Por Cecilia Osorio, enviada especial a Chile
ZAPALLAR- En los alrededores no hay música. La arena blanca y el mar “Bravo”, que paradójicamente se muestra calmo como si fuera una laguna -así por la forma que toma de la bahía-, parece sacado de contexto en una zona costera donde el agua encierra ciertos peligros por su fiereza. Bosques, principalmente de eucalipto, esconden las paquetas residencias con estilo europeo que miran la postal desde los cerros –La Cruz y El Boldo-, y personajes de la “high society” chilena, pero también extranjeros (entre ellos mendocinos), disfrutan de una tarde paradisíaca a orillas del océano, que les entrega de sí una imagen que no se repite en otro paraje costero de este país. Sólo dos hoteles y un bus de recorrido interno “para residentes” completan la opulenta aventura.
Zapallar es el más exclusivo de los balnearios de la V Región. Y toda su oferta está pensada para los habitués de la zona. “No es un lugar turístico, sino diseñado para los residentes”, señala Julio Palacios, encargado de “El Chiringuito”, un lujoso restó frente al Pacífico donde no se come por menos de $160 por persona (si se elige de bebida un vino chileno, la cuenta casi se duplica). El hombre añade que entre “los residentes”, hay personajes millonarios y políticos, aunque se resiste a dar nombres. El propio presidente Sebastián Piñera tiene una morada en este sector, un poco más allá de la laguna, en el balneario de Cachagua.
Los precios son la mayor demostración de la diferencia que implica para el visitante alojarse allí, en lugar de hacerlo en otro paisaje costero, como Viña del Mar: para alquilar una casa de porte mediano (son pocas y se accede por medio de corredores inmobiliarios) se debe pensar en $1.800 diarios. El fin de semana en un hotel una habitación doble cuesta $1.330 por noche y si el bolsillo permite volar algo más alto, una matrimonial con vista al mar asciende a $1.450, también diarios.
En la playa todo se adapta a la buena vida de los visitantes: ahí para nadie es raro pagar una lata de Coca Cola de medio litro a $10, un vasito de jugo natural a $25, un helado por $15 o tomar una clase de buceo por $400.
“Lo que nos gusta de este lugar es que la tranquilidad es permanente”, dice Catherina, una mujer que toma sol detrás de una capelina blanca, propietaria de una casa en uno de los cerros.
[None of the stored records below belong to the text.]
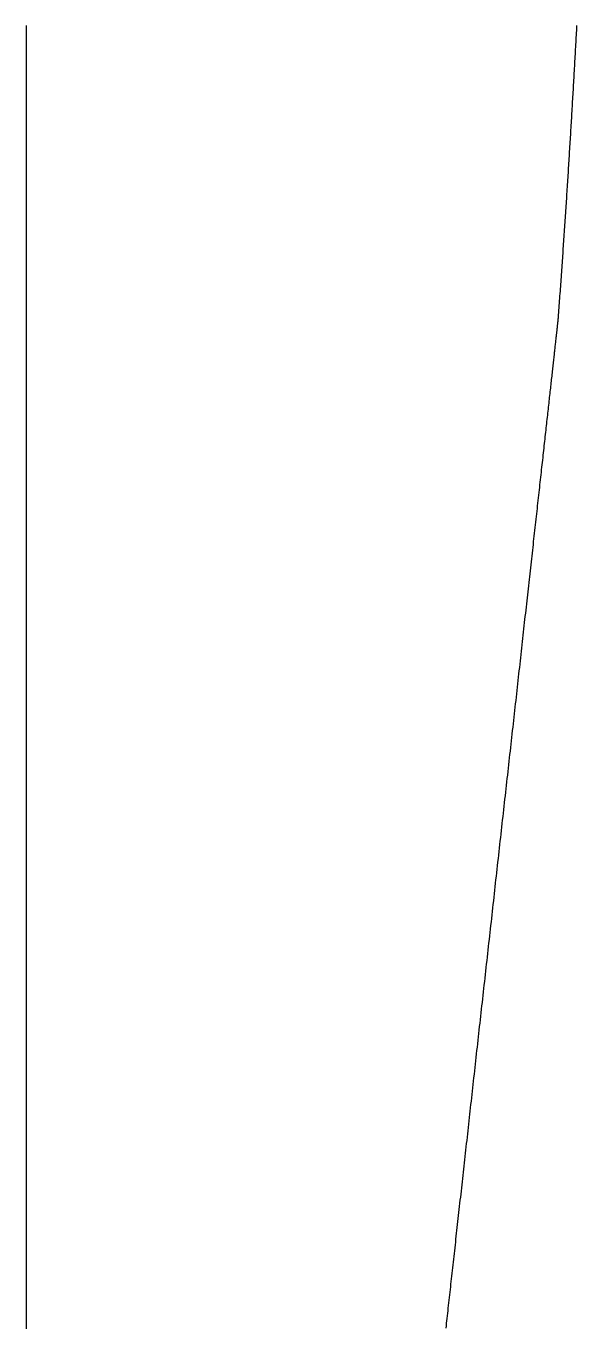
# Model space of a CAD drawing. Header units: metres. Extents: x -47 to 47, y -110 to 110.
# Drawn here: x -47.34 to -35.75, y -82.99 to -55.62 of the extents above; entities that cross this region are included whole.
import ezdxf

# ---------------------------------------------------------------- set-up
doc = ezdxf.new("R2010")
doc.units = ezdxf.units.M

msp = doc.modelspace()

# ---------------------------------------------------------------- linework, layer by layer
for points in [[(-47.341, -55.609), (-47.341, -55.659), (-47.341, -55.709), (-47.341, -55.759), (-47.341, -55.809), (-47.341, -55.859), (-47.341, -55.909), (-47.341, -55.959), (-47.341, -56.009), (-47.341, -56.059), (-47.341, -56.109), (-47.341, -56.159), (-47.341, -56.209), (-47.341, -56.259), (-47.341, -56.309), (-47.341, -56.359), (-47.341, -56.409), (-47.341, -56.459), (-47.341, -56.509), (-47.341, -56.559), (-47.341, -56.609), (-47.341, -56.659), (-47.341, -56.709), (-47.341, -56.759), (-47.341, -56.809), (-47.341, -56.859), (-47.341, -56.909), (-47.341, -56.959), (-47.341, -57.009), (-47.341, -57.059), (-47.341, -57.109), (-47.341, -57.159), (-47.341, -57.209), (-47.341, -57.259), (-47.341, -57.309), (-47.341, -57.359), (-47.341, -57.409), (-47.341, -57.459), (-47.341, -57.509), (-47.341, -57.559), (-47.341, -57.609), (-47.341, -57.659), (-47.341, -57.709), (-47.341, -57.759), (-47.341, -57.809), (-47.341, -57.859), (-47.341, -57.909), (-47.341, -57.959), (-47.341, -58.009), (-47.341, -58.059), (-47.341, -58.109), (-47.341, -58.159), (-47.341, -58.209), (-47.341, -58.259), (-47.341, -58.309), (-47.341, -58.359), (-47.341, -58.409), (-47.341, -58.459), (-47.341, -58.509), (-47.341, -58.559), (-47.341, -58.609), (-47.341, -58.659), (-47.341, -58.709), (-47.341, -58.759), (-47.341, -58.809), (-47.341, -58.859), (-47.341, -58.909), (-47.341, -58.959), (-47.341, -59.009), (-47.341, -59.059), (-47.341, -59.109), (-47.341, -59.159), (-47.341, -59.209), (-47.341, -59.259), (-47.341, -59.309), (-47.341, -59.359), (-47.341, -59.409), (-47.341, -59.459), (-47.341, -59.509), (-47.341, -59.559), (-47.341, -59.609), (-47.341, -59.659), (-47.341, -59.709), (-47.341, -59.759), (-47.341, -59.809), (-47.341, -59.859), (-47.341, -59.909), (-47.341, -59.959), (-47.341, -60.009), (-47.341, -60.059), (-47.341, -60.109), (-47.341, -60.159), (-47.341, -60.209), (-47.341, -60.259), (-47.341, -60.309), (-47.341, -60.359), (-47.341, -60.409), (-47.341, -60.459), (-47.341, -60.509), (-47.341, -60.559), (-47.341, -60.609), (-47.341, -60.66), (-47.341, -60.71), (-47.341, -60.76), (-47.341, -60.81), (-47.341, -60.86), (-47.341, -60.91), (-47.341, -60.96), (-47.341, -61.01), (-47.341, -61.06), (-47.341, -61.11), (-47.341, -61.16), (-47.341, -61.21), (-47.341, -61.26), (-47.341, -61.31), (-47.341, -61.36), (-47.341, -61.41), (-47.341, -61.46), (-47.341, -61.51), (-47.341, -61.56), (-47.341, -61.61), (-47.341, -61.66), (-47.341, -61.71), (-47.341, -61.76), (-47.341, -61.81), (-47.341, -61.86), (-47.341, -61.91), (-47.341, -61.96), (-47.341, -62.01), (-47.341, -62.06), (-47.341, -62.11), (-47.341, -62.16), (-47.341, -62.21), (-47.341, -62.26), (-47.341, -62.31), (-47.341, -62.36), (-47.341, -62.41), (-47.341, -62.46), (-47.341, -62.51), (-47.341, -62.56), (-47.341, -62.61), (-47.341, -62.66), (-47.341, -62.71), (-47.341, -62.76), (-47.341, -62.81), (-47.341, -62.86), (-47.341, -62.91), (-47.341, -62.96), (-47.341, -63.01), (-47.341, -63.06), (-47.341, -63.11), (-47.341, -63.16), (-47.341, -63.21), (-47.341, -63.26), (-47.341, -63.31), (-47.341, -63.36), (-47.341, -63.41), (-47.341, -63.46), (-47.341, -63.51), (-47.341, -63.56), (-47.341, -63.61), (-47.341, -63.66), (-47.341, -63.71), (-47.341, -63.76), (-47.341, -63.81), (-47.341, -63.86), (-47.341, -63.91), (-47.341, -63.96), (-47.341, -64.01), (-47.341, -64.06), (-47.341, -64.11), (-47.341, -64.16), (-47.341, -64.21), (-47.341, -64.26), (-47.341, -64.31), (-47.341, -64.36), (-47.341, -64.41), (-47.341, -64.46), (-47.341, -64.51), (-47.341, -64.56), (-47.341, -64.61), (-47.341, -64.66), (-47.341, -64.71), (-47.341, -64.76), (-47.341, -64.81), (-47.341, -64.86), (-47.341, -64.91), (-47.341, -64.96), (-47.341, -65.01), (-47.341, -65.06), (-47.341, -65.11), (-47.341, -65.16), (-47.341, -65.21), (-47.341, -65.26), (-47.341, -65.31), (-47.341, -65.36), (-47.341, -65.41), (-47.341, -65.46), (-47.341, -65.51), (-47.341, -65.56), (-47.341, -65.61), (-47.341, -65.66), (-47.341, -65.71), (-47.341, -65.76), (-47.341, -65.81), (-47.341, -65.86), (-47.341, -65.91), (-47.341, -65.96), (-47.341, -66.01), (-47.341, -66.06), (-47.341, -66.11), (-47.341, -66.16), (-47.341, -66.21), (-47.341, -66.26), (-47.341, -66.31), (-47.341, -66.36), (-47.341, -66.41), (-47.341, -66.46), (-47.341, -66.51), (-47.341, -66.56), (-47.341, -66.61), (-47.341, -66.66), (-47.341, -66.71), (-47.341, -66.76), (-47.341, -66.81), (-47.341, -66.86), (-47.341, -66.91), (-47.341, -66.96), (-47.341, -67.01), (-47.341, -67.061), (-47.341, -67.111), (-47.341, -67.161), (-47.341, -67.211), (-47.341, -67.261), (-47.341, -67.311), (-47.341, -67.361), (-47.341, -67.411), (-47.341, -67.461), (-47.341, -67.511), (-47.341, -67.561), (-47.341, -67.611), (-47.341, -67.661), (-47.341, -67.711), (-47.341, -67.761), (-47.341, -67.811), (-47.341, -67.861), (-47.341, -67.911), (-47.341, -67.961), (-47.341, -68.011), (-47.341, -68.061), (-47.341, -68.111), (-47.341, -68.161), (-47.341, -68.211), (-47.341, -68.261), (-47.341, -68.311), (-47.341, -68.361), (-47.341, -68.411), (-47.341, -68.461), (-47.341, -68.511), (-47.341, -68.561), (-47.341, -68.611), (-47.341, -68.661), (-47.341, -68.711), (-47.341, -68.761), (-47.341, -68.811), (-47.341, -68.861), (-47.341, -68.911), (-47.341, -68.961), (-47.341, -69.011), (-47.341, -69.061), (-47.341, -69.111), (-47.341, -69.161), (-47.341, -69.211), (-47.341, -69.261), (-47.341, -69.311), (-47.341, -69.361), (-47.341, -69.411), (-47.341, -69.461), (-47.341, -69.511), (-47.341, -69.561), (-47.341, -69.611), (-47.341, -69.661), (-47.341, -69.711), (-47.341, -69.761), (-47.341, -69.811), (-47.341, -69.861), (-47.341, -69.911), (-47.341, -69.961), (-47.341, -70.011), (-47.341, -70.061), (-47.341, -70.111), (-47.341, -70.161), (-47.341, -70.211), (-47.341, -70.261), (-47.341, -70.311), (-47.341, -70.361), (-47.341, -70.411), (-47.341, -70.461), (-47.341, -70.511), (-47.341, -70.561), (-47.341, -70.611), (-47.341, -70.661), (-47.341, -70.711), (-47.341, -70.761), (-47.341, -70.811), (-47.341, -70.861), (-47.341, -70.911), (-47.341, -70.961), (-47.341, -71.011), (-47.341, -71.061), (-47.341, -71.111), (-47.341, -71.161), (-47.341, -71.211), (-47.341, -71.261), (-47.341, -71.311), (-47.341, -71.361), (-47.341, -71.411), (-47.341, -71.461), (-47.341, -71.511), (-47.341, -71.561), (-47.341, -71.611), (-47.341, -71.661), (-47.341, -71.711), (-47.341, -71.761), (-47.341, -71.811), (-47.341, -71.861), (-47.341, -71.911), (-47.341, -71.961), (-47.341, -72.011), (-47.341, -72.061), (-47.341, -72.111), (-47.341, -72.161), (-47.341, -72.211), (-47.341, -72.261), (-47.341, -72.311), (-47.341, -72.361), (-47.341, -72.411), (-47.341, -72.461), (-47.341, -72.511), (-47.341, -72.561), (-47.341, -72.611), (-47.341, -72.661), (-47.341, -72.711), (-47.341, -72.761), (-47.341, -72.811), (-47.341, -72.861), (-47.341, -72.911), (-47.341, -72.961), (-47.341, -73.011), (-47.341, -73.061), (-47.341, -73.111), (-47.341, -73.161), (-47.341, -73.211), (-47.341, -73.261), (-47.341, -73.311), (-47.341, -73.361), (-47.341, -73.411), (-47.341, -73.462), (-47.341, -73.512), (-47.341, -73.562), (-47.341, -73.612), (-47.341, -73.662), (-47.341, -73.712), (-47.341, -73.762), (-47.341, -73.812), (-47.341, -73.862), (-47.341, -73.912), (-47.341, -73.962), (-47.341, -74.012), (-47.341, -74.062), (-47.341, -74.112), (-47.341, -74.162), (-47.341, -74.212), (-47.341, -74.262), (-47.341, -74.312), (-47.341, -74.362), (-47.341, -74.412), (-47.341, -74.462), (-47.341, -74.512), (-47.341, -74.562), (-47.341, -74.612), (-47.341, -74.662), (-47.341, -74.712), (-47.341, -74.762), (-47.341, -74.812), (-47.341, -74.862), (-47.341, -74.912), (-47.341, -74.962), (-47.341, -75.012), (-47.341, -75.062), (-47.341, -75.112), (-47.341, -75.162), (-47.341, -75.212), (-47.341, -75.262), (-47.341, -75.312), (-47.341, -75.362), (-47.341, -75.412), (-47.341, -75.462), (-47.341, -75.512), (-47.341, -75.562), (-47.341, -75.612), (-47.341, -75.662), (-47.341, -75.712), (-47.341, -75.762), (-47.341, -75.812), (-47.341, -75.862), (-47.341, -75.912), (-47.341, -75.962), (-47.341, -76.012), (-47.341, -76.062), (-47.341, -76.112), (-47.341, -76.162), (-47.341, -76.212), (-47.341, -76.262), (-47.341, -76.312), (-47.341, -76.362), (-47.341, -76.412), (-47.341, -76.462), (-47.341, -76.512), (-47.341, -76.562), (-47.341, -76.612), (-47.341, -76.662), (-47.341, -76.712), (-47.341, -76.762), (-47.341, -76.812), (-47.341, -76.862), (-47.341, -76.912), (-47.341, -76.962), (-47.341, -77.012), (-47.341, -77.062), (-47.341, -77.112), (-47.341, -77.162), (-47.341, -77.212), (-47.341, -77.262), (-47.341, -77.312), (-47.341, -77.362), (-47.341, -77.412), (-47.341, -77.462), (-47.341, -77.512), (-47.341, -77.562), (-47.341, -77.612), (-47.341, -77.662), (-47.341, -77.712), (-47.341, -77.762), (-47.341, -77.812), (-47.341, -77.862), (-47.341, -77.912), (-47.341, -77.962), (-47.341, -78.012), (-47.341, -78.062), (-47.341, -78.112), (-47.341, -78.162), (-47.341, -78.212), (-47.341, -78.262), (-47.341, -78.312), (-47.341, -78.362), (-47.341, -78.412), (-47.341, -78.462), (-47.341, -78.512), (-47.341, -78.562), (-47.341, -78.612), (-47.341, -78.662), (-47.341, -78.712), (-47.341, -78.762), (-47.341, -78.812), (-47.341, -78.862), (-47.341, -78.912), (-47.341, -78.962), (-47.341, -79.012), (-47.341, -79.062), (-47.341, -79.112), (-47.341, -79.162), (-47.341, -79.212), (-47.341, -79.262), (-47.341, -79.312), (-47.341, -79.362), (-47.341, -79.412), (-47.341, -79.462), (-47.341, -79.512), (-47.341, -79.562), (-47.341, -79.612), (-47.341, -79.662), (-47.341, -79.712), (-47.341, -79.762), (-47.341, -79.813), (-47.341, -79.863), (-47.341, -79.913), (-47.341, -79.963), (-47.341, -80.013), (-47.341, -80.063), (-47.341, -80.113), (-47.341, -80.163), (-47.341, -80.213), (-47.341, -80.263), (-47.341, -80.313), (-47.341, -80.363), (-47.341, -80.413), (-47.341, -80.463), (-47.341, -80.513), (-47.341, -80.563), (-47.341, -80.613), (-47.341, -80.663), (-47.341, -80.713), (-47.341, -80.763), (-47.341, -80.813), (-47.341, -80.863), (-47.341, -80.913), (-47.341, -80.963), (-47.341, -81.013), (-47.341, -81.063), (-47.341, -81.113), (-47.341, -81.163), (-47.341, -81.213), (-47.341, -81.263), (-47.341, -81.313), (-47.341, -81.363), (-47.341, -81.413), (-47.341, -81.463), (-47.341, -81.513), (-47.341, -81.563), (-47.341, -81.613), (-47.341, -81.663), (-47.341, -81.713), (-47.341, -81.763), (-47.341, -81.813), (-47.341, -81.863), (-47.341, -81.913), (-47.341, -81.963), (-47.341, -82.013), (-47.341, -82.063), (-47.341, -82.113), (-47.341, -82.163), (-47.341, -82.213), (-47.341, -82.263), (-47.341, -82.313), (-47.341, -82.363), (-47.341, -82.413), (-47.341, -82.463), (-47.341, -82.513), (-47.341, -82.563), (-47.341, -82.613), (-47.341, -82.663), (-47.341, -82.713), (-47.341, -82.763), (-47.341, -82.813), (-47.341, -82.863), (-47.341, -82.913), (-47.341, -82.963), (-47.341, -83.013)], [(-36.138, -61.744), (-36.135, -61.694), (-36.131, -61.645), (-36.127, -61.595), (-36.124, -61.545), (-36.12, -61.495), (-36.116, -61.445), (-36.113, -61.395), (-36.109, -61.346), (-36.106, -61.296), (-36.102, -61.246), (-36.098, -61.196), (-36.095, -61.146), (-36.091, -61.096), (-36.088, -61.047), (-36.084, -60.997), (-36.081, -60.947), (-36.077, -60.897), (-36.074, -60.847), (-36.07, -60.797), (-36.067, -60.748), (-36.063, -60.698), (-36.06, -60.648), (-36.056, -60.598), (-36.053, -60.548), (-36.049, -60.498), (-36.046, -60.448), (-36.042, -60.399), (-36.039, -60.349), (-36.036, -60.299), (-36.032, -60.249), (-36.029, -60.199), (-36.025, -60.149), (-36.022, -60.1), (-36.018, -60.05), (-36.015, -60), (-36.012, -59.95), (-36.008, -59.9), (-36.005, -59.85), (-36.002, -59.8), (-35.998, -59.751), (-35.995, -59.701), (-35.992, -59.651), (-35.988, -59.601), (-35.985, -59.551), (-35.982, -59.501), (-35.978, -59.451), (-35.975, -59.402), (-35.972, -59.352), (-35.969, -59.302), (-35.965, -59.252), (-35.962, -59.202), (-35.959, -59.152), (-35.956, -59.102), (-35.952, -59.053), (-35.949, -59.003), (-35.946, -58.953), (-35.943, -58.903), (-35.94, -58.853), (-35.936, -58.803), (-35.933, -58.753), (-35.93, -58.703), (-35.927, -58.654), (-35.924, -58.604), (-35.921, -58.554), (-35.918, -58.504), (-35.914, -58.454), (-35.911, -58.404), (-35.908, -58.354), (-35.905, -58.305), (-35.902, -58.255), (-35.899, -58.205), (-35.896, -58.155), (-35.893, -58.105), (-35.89, -58.055), (-35.887, -58.005), (-35.883, -57.955), (-35.88, -57.906), (-35.877, -57.856), (-35.874, -57.806), (-35.871, -57.756), (-35.868, -57.706), (-35.865, -57.656), (-35.862, -57.606), (-35.859, -57.556), (-35.856, -57.506), (-35.853, -57.457), (-35.85, -57.407), (-35.847, -57.357), (-35.844, -57.307), (-35.841, -57.257), (-35.839, -57.207), (-35.836, -57.157), (-35.833, -57.107), (-35.83, -57.058), (-35.827, -57.008), (-35.824, -56.958), (-35.821, -56.908), (-35.818, -56.858), (-35.815, -56.808), (-35.812, -56.758), (-35.81, -56.708), (-35.807, -56.658), (-35.804, -56.608), (-35.801, -56.559), (-35.798, -56.509), (-35.795, -56.459), (-35.792, -56.409), (-35.79, -56.359), (-35.787, -56.309), (-35.784, -56.259), (-35.781, -56.209), (-35.778, -56.159), (-35.776, -56.11), (-35.773, -56.06), (-35.77, -56.01), (-35.767, -55.96), (-35.765, -55.91), (-35.762, -55.86), (-35.759, -55.81), (-35.756, -55.76), (-35.754, -55.71), (-35.751, -55.66), (-35.748, -55.611)], [(-38.502, -83.001), (-38.496, -82.949), (-38.491, -82.896), (-38.485, -82.844), (-38.479, -82.791), (-38.473, -82.737), (-38.467, -82.684), (-38.461, -82.63), (-38.455, -82.576), (-38.449, -82.521), (-38.443, -82.466), (-38.437, -82.411), (-38.43, -82.356), (-38.424, -82.3), (-38.418, -82.244), (-38.412, -82.187), (-38.405, -82.131), (-38.399, -82.074), (-38.393, -82.017), (-38.386, -81.959), (-38.38, -81.901), (-38.373, -81.843), (-38.367, -81.785), (-38.36, -81.726), (-38.354, -81.668), (-38.347, -81.608), (-38.341, -81.549), (-38.334, -81.489), (-38.327, -81.429), (-38.321, -81.369), (-38.314, -81.309), (-38.307, -81.248), (-38.3, -81.187), (-38.294, -81.126), (-38.287, -81.065), (-38.28, -81.003), (-38.273, -80.941), (-38.266, -80.879), (-38.259, -80.816), (-38.252, -80.754), (-38.245, -80.691), (-38.238, -80.628), (-38.231, -80.564), (-38.224, -80.501), (-38.217, -80.437), (-38.21, -80.373), (-38.203, -80.309), (-38.195, -80.244), (-38.188, -80.18), (-38.181, -80.115), (-38.174, -80.05), (-38.166, -79.985), (-38.159, -79.919), (-38.152, -79.853), (-38.144, -79.787), (-38.137, -79.721), (-38.13, -79.655), (-38.122, -79.589), (-38.115, -79.522), (-38.107, -79.455), (-38.1, -79.388), (-38.093, -79.321), (-38.085, -79.254), (-38.077, -79.186), (-38.07, -79.118), (-38.062, -79.05), (-38.055, -78.982), (-38.047, -78.914), (-38.04, -78.846), (-38.032, -78.777), (-38.024, -78.708), (-38.017, -78.64), (-38.009, -78.571), (-38.001, -78.501), (-37.993, -78.432), (-37.986, -78.362), (-37.978, -78.293), (-37.97, -78.223), (-37.962, -78.153), (-37.955, -78.083), (-37.947, -78.013), (-37.939, -77.943), (-37.931, -77.872), (-37.923, -77.802), (-37.915, -77.731), (-37.907, -77.66), (-37.9, -77.589), (-37.892, -77.518), (-37.884, -77.447), (-37.876, -77.375), (-37.868, -77.304), (-37.86, -77.232), (-37.852, -77.161), (-37.844, -77.089), (-37.836, -77.017), (-37.828, -76.945), (-37.82, -76.873), (-37.812, -76.801), (-37.804, -76.729), (-37.796, -76.657), (-37.788, -76.584), (-37.779, -76.512), (-37.771, -76.439), (-37.763, -76.366), (-37.755, -76.294), (-37.747, -76.221), (-37.739, -76.148), (-37.731, -76.075), (-37.723, -76.002), (-37.715, -75.929), (-37.706, -75.856), (-37.698, -75.783), (-37.69, -75.709), (-37.682, -75.636), (-37.674, -75.563), (-37.666, -75.489), (-37.657, -75.416), (-37.649, -75.342), (-37.641, -75.268), (-37.633, -75.195), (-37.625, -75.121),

No da su apellido para preservarse, costumbre que comparte con el resto de sus pares: Zapallar está hecho para quienes buscan discreción.
No sólo para elegidos
Para graficarse un poco más del balneario, que pertenece a la Comuna de Zapallar, de la provincia de Petorca –a 60 kilómetros de Viña y Valparaíso-, es similar al Cariló de la Costa argentina.
Y, pese a la exclusividad del lugar, también los turistas de a pie pueden disfrutar de la postal, pasando allí el día. Hay micros que desde Viña del Mar ofrecen un traslado directo a esta playa, aunque el viaje se traduce a algo más de dos horas.
El recorrido lleva al paseante por un sin número de pueblos, que sorprenden con un contraste inevitable: después de atravesar Concón, la popular Quinteros, la zona de refinerías y de paisajes interrumpidos de Las Ventanas y el agrícola Puchuncabí, el veraneante se sumerge en un entorno vegetado, donde las dunas de arenas dan la sensación de virginidad geográfica, que lo confinan, después de atravesar el bosque, a un paraíso marítimo abrazado por montañas.
Botes, hoteles vip y cabalgatas para exclusivos
En Zapallar, las propuestas, como la geografia, no son extensas. La idea es pasar unos días de relax, con lo justo para sentirse bien. Hay clases de buceo, paseos en bote y kayak También cabalgatas y training si el visitante prefiere la tierra firme. Isla Seca es el hotel más tradicional y con mayor trayectoria de la zona. El alojamiento “boutique” permite encerrarse aún más en el suntuoso mundillo: sólo 42 habitaciones, una piscina a temperatura ambiente, el agua de la canilla ozonizada, un restorán con cocina de autor de categoría “7 tenedores”, terraza y jardines, conquistan a los adeptos del buen vivir y la sofisticación.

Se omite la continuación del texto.